- [Description of the task]:
Word for word, copy the data that follows and skip its pictures.

Segment Start: Source material

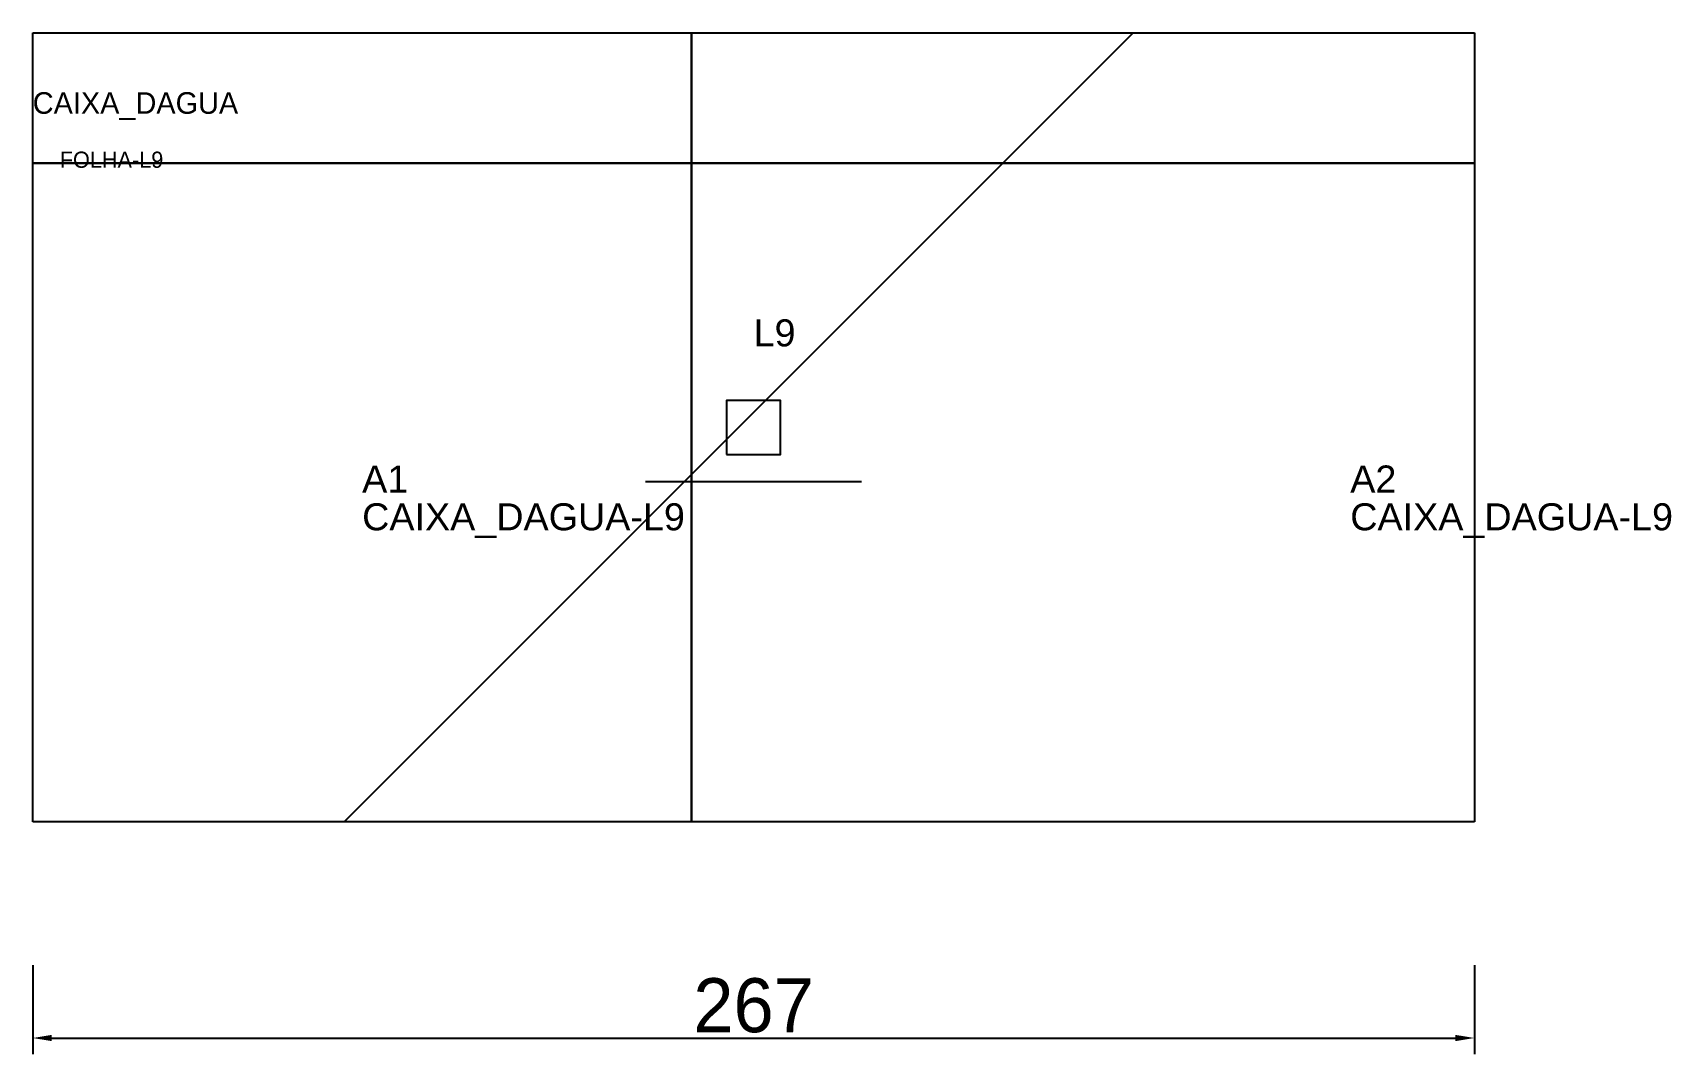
# Model space of a CAD drawing. Header units: metres. Extents: x 222 to 526, y 12 to 202.
import ezdxf

# ---------------------------------------------------------------- set-up
doc = ezdxf.new("R2010")
doc.units = ezdxf.units.M
for name, color, linetype in [('3', 3, 'CONTINUOUS'), ('AUX00', 7, 'CONTINUOUS'), ('COTA', 241, 'CONTINUOUS'), ('FOLHA', 255, 'CONTINUOUS'), ('Hachura', 251, 'CONTINUOUS'), ('NOMENCLATURA', 7, 'CONTINUOUS'), ('Nível', 160, 'CONTINUOUS'), ('Painéis', 200, 'CONTINUOUS'), ('Pilares', 5, 'CONTINUOUS'), ('SARR_2.2x7', 40, 'CONTINUOUS')]:
    doc.layers.add(name, color=color, linetype=linetype)
doc.styles.add('ARIAL', font='Arial.ttf')
doc.styles.add('STR_STANDARD', font='arial.ttf')
doc.dimstyles.new('EZ DXF', dxfattribs={"dimtxt": 10, "dimasz": 3.5, "dimexe": 3, "dimexo": 1.5, "dimgap": 1, "dimtad": 1, "dimdec": 1, "dimdsep": 46, "dimcen": 2.5, "dimazin": 3, "dimtfac": 1, "dimtmove": 0, "dimatfit": 3})

msp = doc.modelspace()

# ---------------------------------------------------------------- hatches: boundary and pattern name
at = {"layer": 'Hachura'}
h = msp.add_hatch(dxfattribs=at)
h.set_pattern_fill('ANSI31', scale=50)
h.paths.add_polyline_path([(222.2, 201.5), (489.19, 201.5), (489.19, 55.38), (222.2, 55.38)])
h = msp.add_hatch(dxfattribs=at)
h.set_pattern_fill('ANSI31', scale=50)
h.paths.add_polyline_path([(222.2, 201.5), (489.19, 201.5), (489.19, 55.38), (222.2, 55.38)])

# ---------------------------------------------------------------- linework, layer by layer
at = {"layer": '3'}
for points in [[(344.2, 55.38), (344.2, 201.5)], [(344.2, 55.38), (344.2, 201.5)], [(222.2, 177.38), (489.19, 177.38)], [(222.2, 177.38), (489.19, 177.38)]]:
    msp.add_lwpolyline(points, close=True, dxfattribs=at)
at = {"layer": 'Painéis', "color": 200}
for p, q in [((222.2, 201.5), (489.19, 201.5)), ((222.2, 55.38), (222.2, 201.5)), ((222.2, 201.5), (489.19, 201.5)), ((222.2, 55.38), (222.2, 201.5)), ((489.19, 201.5), (489.19, 55.38)), ((489.19, 201.5), (489.19, 55.38)), ((489.19, 55.38), (222.2, 55.38)), ((489.19, 55.38), (222.2, 55.38))]:
    msp.add_line(p, q, dxfattribs=at)
at = {"layer": 'Pilares'}
msp.add_lwpolyline([(350.7, 123.44), (360.7, 123.44), (360.7, 133.44), (350.7, 133.44)], close=True, dxfattribs=at)
msp.add_lwpolyline([(350.7, 123.44), (360.7, 123.44), (360.7, 133.44), (350.7, 133.44)], close=True, dxfattribs=at)
at = {"layer": 'SARR_2.2x7'}
msp.add_line((335.7, 118.44), (375.7, 118.44), dxfattribs=at)
msp.add_line((335.7, 118.44), (375.7, 118.44), dxfattribs=at)

# ---------------------------------------------------------------- texts
at = {"layer": '3', "style": 'STR_STANDARD'}
for s, p in [('A1', (283.2, 116.38)), ('A1', (283.2, 116.38)), ('A2', (466.2, 116.38)), ('A2', (466.2, 116.38))]:
    msp.add_text(s, height=5, dxfattribs=at).set_placement(p)
at = {"layer": 'AUX00', "style": 'STR_STANDARD'}
for p in [(283.2, 109.38), (283.2, 109.38), (466.2, 109.38), (466.2, 109.38)]:
    msp.add_text('CAIXA_DAGUA-L9', height=5, dxfattribs=at).set_placement(p)
at = {"layer": 'FOLHA'}
msp.add_text('FOLHA-L9', height=3, dxfattribs=at).set_placement((227.2, 176.5))
msp.add_text('FOLHA-L9', height=3, dxfattribs=at).set_placement((227.2, 176.5))
at = {"layer": 'NOMENCLATURA', "insert": (355.7, 148.44), "char_height": 5, "attachment_point": 1, "style": 'ARIAL'}
msp.add_mtext('L9', dxfattribs=at)
msp.add_mtext('L9', dxfattribs=at)
at = {"layer": 'Nível'}
msp.add_text('CAIXA_DAGUA', height=4, dxfattribs=at).set_placement((222.2, 186.5))
msp.add_text('CAIXA_DAGUA', height=4, dxfattribs=at).set_placement((222.2, 186.5))

# ---------------------------------------------------------------- dimensions: what is measured, and where the dimension line sits
at = {"layer": 'COTA'}
msp.add_linear_dim(base=(222.2, 15.38), p1=(222.2, 30.38), p2=(489.19, 30.38), dimstyle='EZ DXF', dxfattribs=at).render()
msp.add_linear_dim(base=(222.2, 15.38), p1=(222.2, 30.38), p2=(489.19, 30.38), dimstyle='EZ DXF', dxfattribs=at).render()

doc.saveas('drawing.dxf')

Segment End: Source material

- [Solution]:
# Model space of a CAD drawing. Header units: metres. Extents: x 222 to 526, y 12 to 202.
import ezdxf

# ---------------------------------------------------------------- set-up
doc = ezdxf.new("R2010")
doc.units = ezdxf.units.M
for name, color, linetype in [('3', 3, 'CONTINUOUS'), ('AUX00', 7, 'CONTINUOUS'), ('COTA', 241, 'CONTINUOUS'), ('FOLHA', 255, 'CONTINUOUS'), ('Hachura', 251, 'CONTINUOUS'), ('NOMENCLATURA', 7, 'CONTINUOUS'), ('Nível', 160, 'CONTINUOUS'), ('Painéis', 200, 'CONTINUOUS'), ('Pilares', 5, 'CONTINUOUS'), ('SARR_2.2x7', 40, 'CONTINUOUS')]:
    doc.layers.add(name, color=color, linetype=linetype)
doc.styles.add('ARIAL', font='Arial.ttf')
doc.styles.add('STR_STANDARD', font='arial.ttf')
doc.dimstyles.new('EZ DXF', dxfattribs={"dimtxt": 10, "dimasz": 3.5, "dimexe": 3, "dimexo": 1.5, "dimgap": 1, "dimtad": 1, "dimdec": 1, "dimdsep": 46, "dimcen": 2.5, "dimazin": 3, "dimtfac": 1, "dimtmove": 0, "dimatfit": 3})

msp = doc.modelspace()

# ---------------------------------------------------------------- hatches: boundary and pattern name
at = {"layer": 'Hachura'}
h = msp.add_hatch(dxfattribs=at)
h.set_pattern_fill('ANSI31', scale=50)
h.paths.add_polyline_path([(222.2, 201.5), (489.19, 201.5), (489.19, 55.38), (222.2, 55.38)])
h = msp.add_hatch(dxfattribs=at)
h.set_pattern_fill('ANSI31', scale=50)
h.paths.add_polyline_path([(222.2, 201.5), (489.19, 201.5), (489.19, 55.38), (222.2, 55.38)])

# ---------------------------------------------------------------- linework, layer by layer
at = {"layer": '3'}
for points in [[(344.2, 55.38), (344.2, 201.5)], [(344.2, 55.38), (344.2, 201.5)], [(222.2, 177.38), (489.19, 177.38)], [(222.2, 177.38), (489.19, 177.38)]]:
    msp.add_lwpolyline(points, close=True, dxfattribs=at)
at = {"layer": 'Painéis', "color": 200}
for p, q in [((222.2, 201.5), (489.19, 201.5)), ((222.2, 55.38), (222.2, 201.5)), ((222.2, 201.5), (489.19, 201.5)), ((222.2, 55.38), (222.2, 201.5)), ((489.19, 201.5), (489.19, 55.38)), ((489.19, 201.5), (489.19, 55.38)), ((489.19, 55.38), (222.2, 55.38)), ((489.19, 55.38), (222.2, 55.38))]:
    msp.add_line(p, q, dxfattribs=at)
at = {"layer": 'Pilares'}
msp.add_lwpolyline([(350.7, 123.44), (360.7, 123.44), (360.7, 133.44), (350.7, 133.44)], close=True, dxfattribs=at)
msp.add_lwpolyline([(350.7, 123.44), (360.7, 123.44), (360.7, 133.44), (350.7, 133.44)], close=True, dxfattribs=at)
at = {"layer": 'SARR_2.2x7'}
msp.add_line((335.7, 118.44), (375.7, 118.44), dxfattribs=at)
msp.add_line((335.7, 118.44), (375.7, 118.44), dxfattribs=at)

# ---------------------------------------------------------------- texts
at = {"layer": '3', "style": 'STR_STANDARD'}
for s, p in [('A1', (283.2, 116.38)), ('A1', (283.2, 116.38)), ('A2', (466.2, 116.38)), ('A2', (466.2, 116.38))]:
    msp.add_text(s, height=5, dxfattribs=at).set_placement(p)
at = {"layer": 'AUX00', "style": 'STR_STANDARD'}
for p in [(283.2, 109.38), (283.2, 109.38), (466.2, 109.38), (466.2, 109.38)]:
    msp.add_text('CAIXA_DAGUA-L9', height=5, dxfattribs=at).set_placement(p)
at = {"layer": 'FOLHA'}
msp.add_text('FOLHA-L9', height=3, dxfattribs=at).set_placement((227.2, 176.5))
msp.add_text('FOLHA-L9', height=3, dxfattribs=at).set_placement((227.2, 176.5))
at = {"layer": 'NOMENCLATURA', "insert": (355.7, 148.44), "char_height": 5, "attachment_point": 1, "style": 'ARIAL'}
msp.add_mtext('L9', dxfattribs=at)
msp.add_mtext('L9', dxfattribs=at)
at = {"layer": 'Nível'}
msp.add_text('CAIXA_DAGUA', height=4, dxfattribs=at).set_placement((222.2, 186.5))
msp.add_text('CAIXA_DAGUA', height=4, dxfattribs=at).set_placement((222.2, 186.5))

# ---------------------------------------------------------------- dimensions: what is measured, and where the dimension line sits
at = {"layer": 'COTA'}
msp.add_linear_dim(base=(222.2, 15.38), p1=(222.2, 30.38), p2=(489.19, 30.38), dimstyle='EZ DXF', dxfattribs=at).render()
msp.add_linear_dim(base=(222.2, 15.38), p1=(222.2, 30.38), p2=(489.19, 30.38), dimstyle='EZ DXF', dxfattribs=at).render()

doc.saveas('drawing.dxf')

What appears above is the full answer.